Dijelaskan Bupati, ada tiga hal yang dibahas dalam pertemuan itu, pertama mengenai komitmen Pemkab Sumedang untuk meningkatkan keterlibatan produk-produk UMKM agar bisa masuk dalam marketplace dan e-katalog lokal.
“Kami berkomitmen, produk UMKM di kami bisa masuk marketplace dan bagian pengadaan barang dan jasa. Harapan kami produk UMKM kami juga bisa masuk di sistem lainnya yang difasilitasi oleh LKPP, baik di e-katalog dan sebagainya,” jelasnya.
Kedua, kata Bupati, keinginannya agar di tahun 2022 ada percepatan penyerapan APBD yang bertujuan supaya bisa menggerakman ekonomi daerah dan hasil pembangunannya bisa langsung dirasakan oleh masyarakat.
“Untuk percepatan penyerapan anggaran ini kami membutuhkan dukungan vokasi, pembinaan SDM dan juga pemberian arahan, terutama peningkatan kompetensi SDM bidang pengadaan barjas pemerintah,” ujarnya.
Dan yang ketiga, lanjut Bupati, kami meminta kepada Kepala LKPP agar Sumedang bisa dijadikan pilot project pengadaan barang dan jasa yang masuk dalam e-katalog di belanja langsung.
“Mudah-mudahan Sumedang bisa menjadi piloting e-katalog, menyambung program antara Pemkab Sumedang dengan LKPP,” harapnya.

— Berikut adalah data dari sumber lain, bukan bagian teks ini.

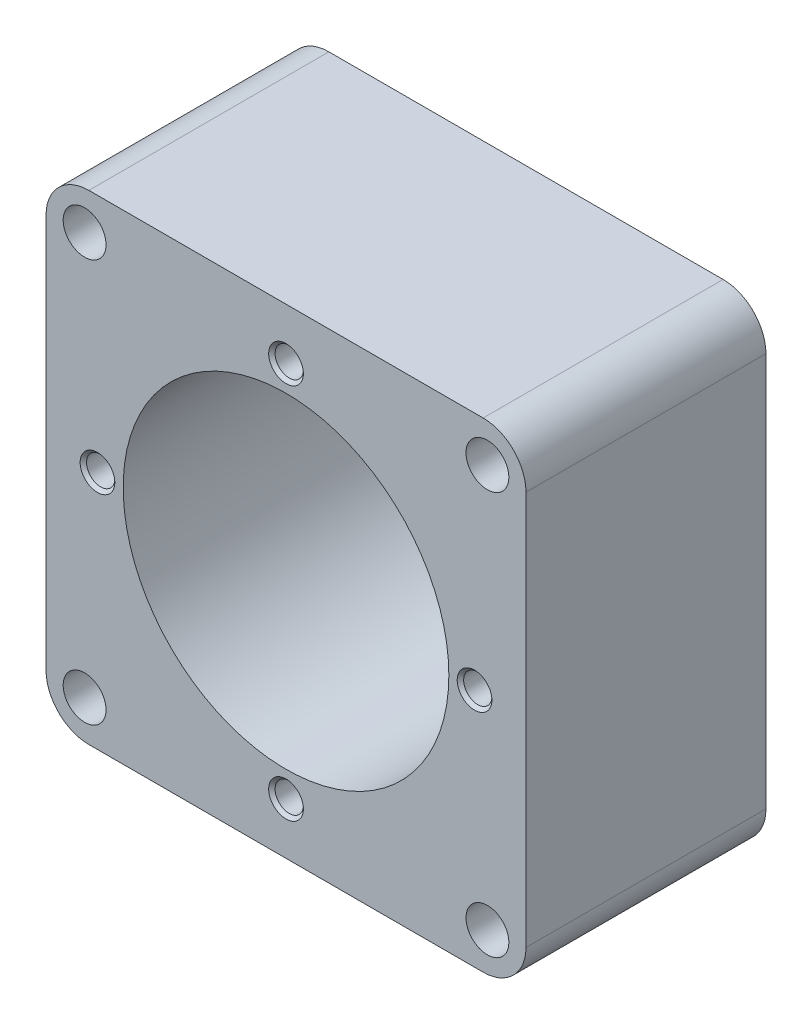
SolidWorks part; units mm, degrees
ref_plane "Front Plane" through (0, 0, 0) normal (0, 0, 1) x (1, 0, 0)
ref_plane "Top Plane" through (0, 0, 0) normal (0, 1, 0) x (1, 0, 0)
ref_plane "Right Plane" through (0, 0, 0) normal (1, 0, 0) x (0, 0, -1)
sketch "Sketch1" plane through (0, 0, 0) normal (0, 0, 1) x (1, 0, 0)
  line L1 (-28, -28) -> (28, -28)
  line L2 (-28, -28) -> (-28, 28)
  line L3 (-28, 28) -> (28, 28)
  line L4 (28, -28) -> (28, 28)
  line L5 (-28, -28) -> (28, 28) construction
  line L6 (-28, 28) -> (28, -28) construction
  point P0 (0, 0)
  dimension "D1" = 56
base flange "Base-Flange1" sketch "Sketch1" thickness 28 reverse thickness direction no parameters "D1"=2
sketch "Sketch6" plane through (0, 0, 0) normal (0, 0, 1) x (1, 0, 0)
  line L0 (0, 0) -> (0, 22) construction
  line L1 (-23.5, -23.5) -> (23.5, -23.5) construction
  line L2 (-23.5, -23.5) -> (-23.5, 23.5) construction
  line L3 (-23.5, 23.5) -> (23.5, 23.5) construction
  line L4 (23.5, -23.5) -> (23.5, 23.5) construction
  line L5 (-23.5, -23.5) -> (23.5, 23.5) construction
  line L6 (-23.5, 23.5) -> (23.5, -23.5) construction
  circle A0 centre (0, 0) radius 19
  circle A1 centre (-23.5, 23.5) radius 2.5
  circle A2 centre (23.5, 23.5) radius 2.5
  circle A3 centre (23.5, -23.5) radius 2.5
  circle A4 centre (-23.5, -23.5) radius 2.5
  circle A5 centre (0, 0) radius 22 construction
  dimension "D1" = 38
  dimension "D3" = 5
  dimension "D4" = 44
  dimension "D2" = 47
extrude "Cut-Extrude1" cut sketch "Sketch6" against normal through all
sketch "Sketch9" plane through (0, 0, 0) normal (0, 0, 1) x (1, 0, 0)
  line L0 (0, 0) -> (0, 22) construction
  circle A0 centre (0, 0) radius 22 construction
  circle A1 centre (0, 22) radius 4.5
  circle A2 centre (22, 0) radius 4.5
  circle A3 centre (0, -22) radius 4.5
  circle A4 centre (-22, 0) radius 4.5
  point P14 (0, 0)
  dimension "D1" = 44
  dimension "D2" = 9
  dimension "D3" = 4
fillet "Fillet1" radius 5 4 edges at (28, -28, -14) (-28, -28, -14) (-28, 28, -14) (28, 28, -14)
hole_wizard "M4x0.7 Tapped Hole1" positions "Sketch10" profile "Sketch11" tap size "M4x0.7" standard "ANSI Metric"
sketch "Sketch10" plane through (0, 0, 0) normal (0, 0, 1) x (1, 0, 0)
  point P0 (0, 22)
  point P3 (-22, 0)
  point P6 (0, -22)
  point P9 (22, 0)
sketch "Sketch11" plane through (0, 22, 0) normal (1, 0, 0) x (0, -1, 0)
  line L0 (0, 0) -> (0, 13.0914)
  line L1 (0, 13.0914) -> (1.65, 12.1)
  line L2 (1.65, 12.1) -> (1.65, 0.375)
  line L3 (1.65, 0.375) -> (2.025, 0)
  line L5 (2.025, 0) -> (0, 0)
  line L6 (-1.65, 0.375) -> (-2.025, 0) construction
  line L10 (0, 13.0914) -> (-1.65, 12.1) construction
  line L11 (0, -6.35) -> (0, 107.95) construction
  dimension "Tap Drill Dia." = 3.3
  dimension "Tap Drill Depth" = 12.1
  dimension "Near C'Sink Dia." = 4.05
  dimension "Near C'Sink Angle" = 90
  dimension "Drill Angle" = 118
sketch "Bend-Lines1" [suppressed] plane through (0, 0, 0) normal (0, 1, 0) x (1, 0, 0)
sketch "Bounding-Box1" [suppressed] plane through (0, 0, 0) normal (0, 1, 0) x (1, 0, 0)
sheet metal parameters "Sheet-Metal1" thickness 28 parameters "D1"=2
flat pattern "Flat-Pattern1" [suppressed]
sketch "Bend-Lines2" plane through (0, 0, 0) normal (0, 1, 0) x (1, 0, 0)
sketch3d "Bounding-Box2" [suppressed]
  line L0 (28, -28, 0) -> (-28, -28, 0) construction
  line L1 (28, 28, 0) -> (-28, 28, 0) construction
  line L2 (28, -28, 0) -> (28, 28, 0) construction
  line L3 (-28, -28, 0) -> (-28, 28, 0) construction
sheet metal parameters "Sheet-Metal2" thickness 28 parameters "D1"=2
flat pattern "Flat-Pattern1"
sketch "Bend-Lines2" plane through (0, 0, 0) normal (0, 1, 0) x (1, 0, 0)
sketch3d "Bounding-Box2" [suppressed]
  line L0 (28, -28, 0) -> (28, 28, 0) construction
  line L1 (-28, -28, 0) -> (-28, 28, 0) construction
  line L2 (28, -28, 0) -> (-28, -28, 0) construction
  line L3 (28, 28, 0) -> (-28, 28, 0) construction
sheet metal parameters "Sheet-Metal5" thickness 28 parameters "D1"=2
flat pattern "Flat-Pattern1"
sketch "Bend-Lines2" plane through (0, 0, 0) normal (0, 1, 0) x (1, 0, 0)
sketch3d "Bounding-Box2" [suppressed]
  line L0 (28, -28, 0) -> (28, 28, 0) construction
  line L1 (-28, -28, 0) -> (-28, 28, 0) construction
  line L2 (28, -28, 0) -> (-28, -28, 0) construction
  line L3 (28, 28, 0) -> (-28, 28, 0) construction
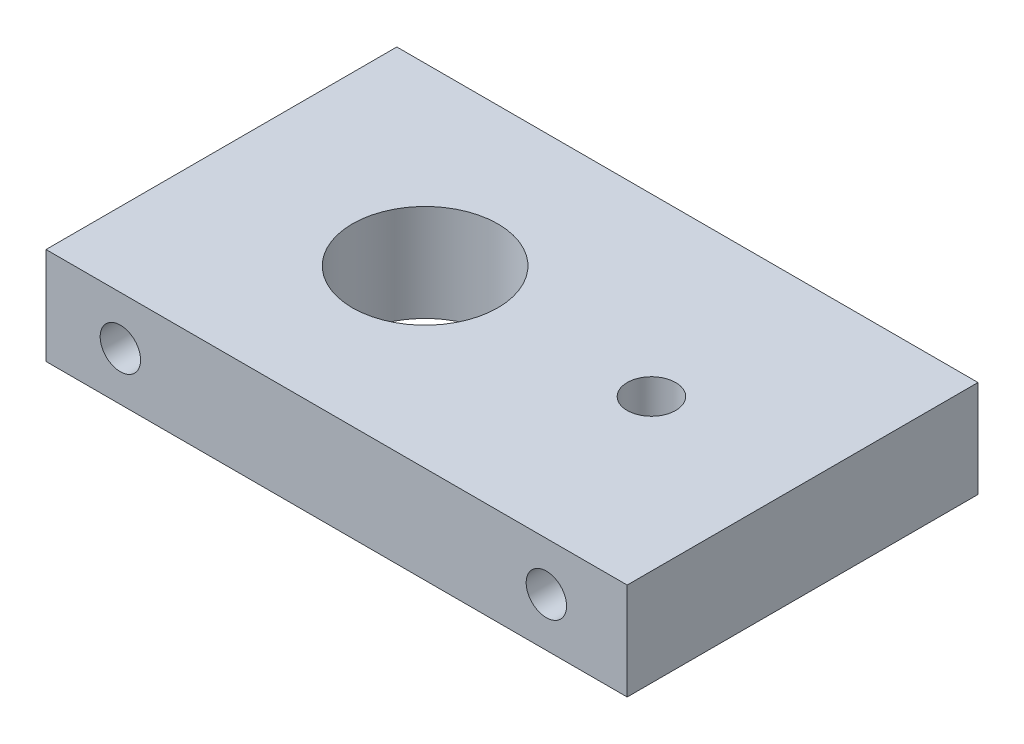
SolidWorks part; units mm, degrees
ref_plane "Ebene vorne" through (0, 0, 0) normal (0, 0, 1) x (1, 0, 0)
ref_plane "Ebene oben" through (0, 0, 0) normal (0, 1, 0) x (1, 0, 0)
ref_plane "Ebene rechts" through (0, 0, 0) normal (1, 0, 0) x (0, 0, -1)
sketch "Skizze1" plane through (0, 0, 0) normal (0, 0, 1) x (1, 0, 0)
  line L1 (-23.35, 231) -> (23.35, 231)
  line L2 (-23.35, 231) -> (-23.35, 237)
  line L3 (-23.35, 237) -> (23.35, 237)
  line L4 (23.35, 231) -> (23.35, 237)
  line L5 (-23.35, 231) -> (23.35, 237) construction
  line L6 (-23.35, 237) -> (23.35, 231) construction
  point P0 (0, 234)
sketch "Skizze2" plane through (0, 0, 0) normal (0, 1, 0) x (1, 0, 0)
  line L1 (-12.6, 12.65) -> (25.15, 12.65)
  line L2 (25.15, 12.65) -> (25.15, -12.65)
  line L3 (25.15, -12.65) -> (-12.6, -12.65)
  line L5 (-12.6, 10.85) -> (23.35, 10.85)
  line L6 (23.35, 10.85) -> (23.35, -10.85)
  line L7 (23.35, -10.85) -> (-12.6, -10.85)
  arc A0 (-12.6, 12.65) -> (-12.6, -12.65) centre (-12.6, 0) ccw
  arc A1 (-12.6, 10.85) -> (-12.6, -10.85) centre (-12.6, 0) ccw
sketch "Skizze3" plane through (0, 0, 0) normal (0, 0, 1) x (1, 0, 0)
  line L1 (-23.35, 231) -> (23.35, 231)
  line L2 (-23.35, 231) -> (-23.35, 237)
  line L3 (-23.35, 237) -> (23.35, 237)
  line L4 (23.35, 231) -> (23.35, 237)
  line L5 (-23.35, 231) -> (23.35, 237) construction
  line L6 (-23.35, 237) -> (23.35, 231) construction
  point P0 (0, 234)
extrude "Aufsatz-Linear austragen1" add sketch "Skizze3" along normal up to vertex (12.65 mm away) and the other way up to vertex (12.65 mm away) up to point (25.15, 0, 12.65) other way up to point (25.15, 0, -12.65)
sketch "Skizze4" plane through (0, 0, 0) normal (0, 1, 0) x (1, 0, 0)
  line L0 (23.35, -10.85) -> (23.35, 10.85)
  line L1 (23.35, 10.85) -> (23.35, -10.85) construction
  line L2 (23.35, 10.85) -> (-12.6, 10.85)
  line L3 (-76.8863, 0) -> (76.8863, 0) construction
  line L4 (23.35, -10.85) -> (-12.6, -10.85)
  line L5 (-12.6, 10.85) -> (-12.6, -10.85)
  point P15 (23.35, 0)
extrude "Schnitt-Linear austragen1" cut sketch "Skizze4" along normal up to surface (237 mm away) flip side to cut up to face at (0, 237, 0)
sketch "HoleLeadscrewLinearGuide" plane through (0, 0, 0) normal (0, 1, 0) x (1, 0, 0)
  circle A0 centre (14, 0) radius 1.5
  circle A1 centre (0, 0) radius 4.5
sketch "Skizze7" plane through (0, 0, 0) normal (0, 1, 0) x (1, 0, 0)
  circle A0 centre (0, 0) radius 4.5
  circle A1 centre (14, 0) radius 1.5
extrude "Schnitt-Linear austragen2" cut sketch "Skizze7" along normal up to surface (237 mm away) up to face at (5.375, 237, 0)
sketch "ThreadHolesSide" plane through (0, 0, 0) normal (0, 0, 1) x (1, 0, 0)
  line L0 (0, 234) -> (28.7572, 234) construction
  line L3 (0, 615) -> (28.7572, 615) construction
  circle A0 centre (18.35, 234) radius 1.25
  circle A1 centre (-8, 234) radius 1.25
  circle A2 centre (18.35, 615) radius 1.25
  circle A3 centre (-8, 615) radius 1.25
extrude "Schnitt-Linear austragen3" cut sketch "ThreadHolesSide" along normal blind 6 from surface starting at face at (5.375, 234, -10.85)
extrude "Schnitt-Linear austragen4" cut sketch "ThreadHolesSide<2>" against normal blind 6 from surface starting at face at (5.375, 234, 10.85)
sketch "ThreadHolesSide<2>" plane through (0, 0, 0) normal (0, 0, 1) x (1, 0, 0) same geometry as "ThreadHolesSide"
ref_axis "Achse1" through (18.35, 234, 4.85) along (0, 0, 1)
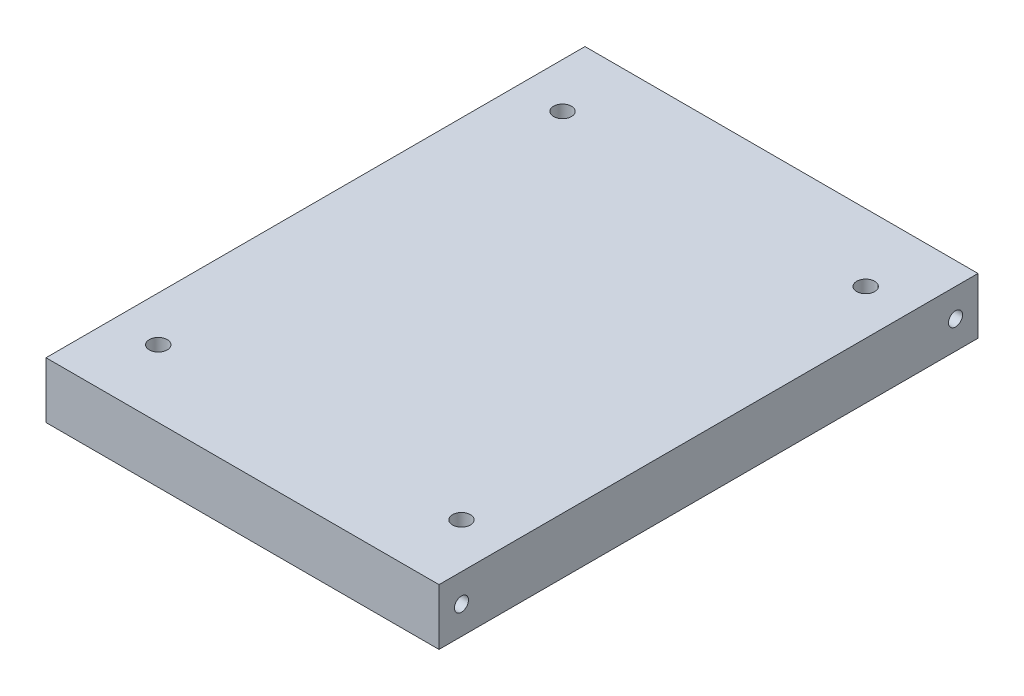
SolidWorks part; units mm, degrees
ref_plane "Front Plane" through (0, 0, 0) normal (0, 0, 1) x (1, 0, 0)
ref_plane "Top Plane" through (0, 0, 0) normal (0, 1, 0) x (1, 0, 0)
ref_plane "Right Plane" through (0, 0, 0) normal (1, 0, 0) x (0, 0, -1)
sketch "Sketch1" plane through (0, 316.5667, 0) normal (0, -1, 0) x (1, 0, 0)
  line L0 (-27, 59.5843) -> (27, -12.4157) construction
  line L2 (27, 59.5843) -> (-27, -12.4157) construction
  line L3 (-35, -24.4157) -> (35, -24.4157)
  line L4 (-35, -24.4157) -> (-35, 71.5843)
  line L5 (-35, 71.5843) -> (35, 71.5843)
  line L6 (35, -24.4157) -> (35, 71.5843)
  line L7 (-35, -24.4157) -> (35, 71.5843) construction
  line L8 (-35, 71.5843) -> (35, -24.4157) construction
  line L10 (-20.8, 71.5843) -> (20.8, 71.5843) construction
  circle A0 centre (-27, 59.5843) radius 1.6
  circle A1 centre (27, 59.5843) radius 1.6
  circle A2 centre (-27, -12.4157) radius 1.6
  circle A3 centre (27, -12.4157) radius 1.6
  point P8 (0, 23.5843)
  dimension "D1" = 3.2
  dimension "D2" = 70
extrude "Boss-Extrude1" add sketch "Sketch1" along normal blind 10
sketch "Sketch2" plane through (-35, 0, 0) normal (-1, 0, 0) x (0, 0, 1)
  line L0 (-24.4157, 311.5667) -> (71.5843, 311.5667) construction
  line L1 (-24.4157, 306.5667) -> (-24.4157, 316.5667) construction
  line L2 (71.5843, 306.5667) -> (71.5843, 316.5667) construction
  circle A0 centre (-20.4157, 311.5667) radius 1.25
  circle A1 centre (67.5843, 311.5667) radius 1.25
  dimension "D1" = 2.5
  dimension "D2" = 4
  dimension "D3" = 4
extrude "Cut-Extrude1" cut sketch "Sketch2" against normal blind 10
mirror "Mirror1" about plane through (0, 0, 0) normal (1, 0, 0) of "Cut-Extrude1"

Mendengar apa yang disampaikan Bupati, Kepala LKPP RI Azwar Anas merespon positif keinginan Kabupaten Sumedang dapat memenuhi target porsi anggaran 40% bagi UMK dan selama proses tersebut dapat didampingi oleh LKPP.
Menurut Azwar Anas, Bupati Dony sangat concern dan sudah memiliki goodwill untuk mendorong UKM masuk e-katalog lokal, toko daring dan belanja pengadaan.
“Terima kasih kepada bupati karena memiliki goodwill untuk mendorong UKM masuk e-katalog lokal, toko daring dan belanja pengadaan sebagai bagian percepatan ekonomi daerah. Dengan langkah ini, katalog nasional dapat kita optimalkan dan lokal kita perkuat,” sambutnya.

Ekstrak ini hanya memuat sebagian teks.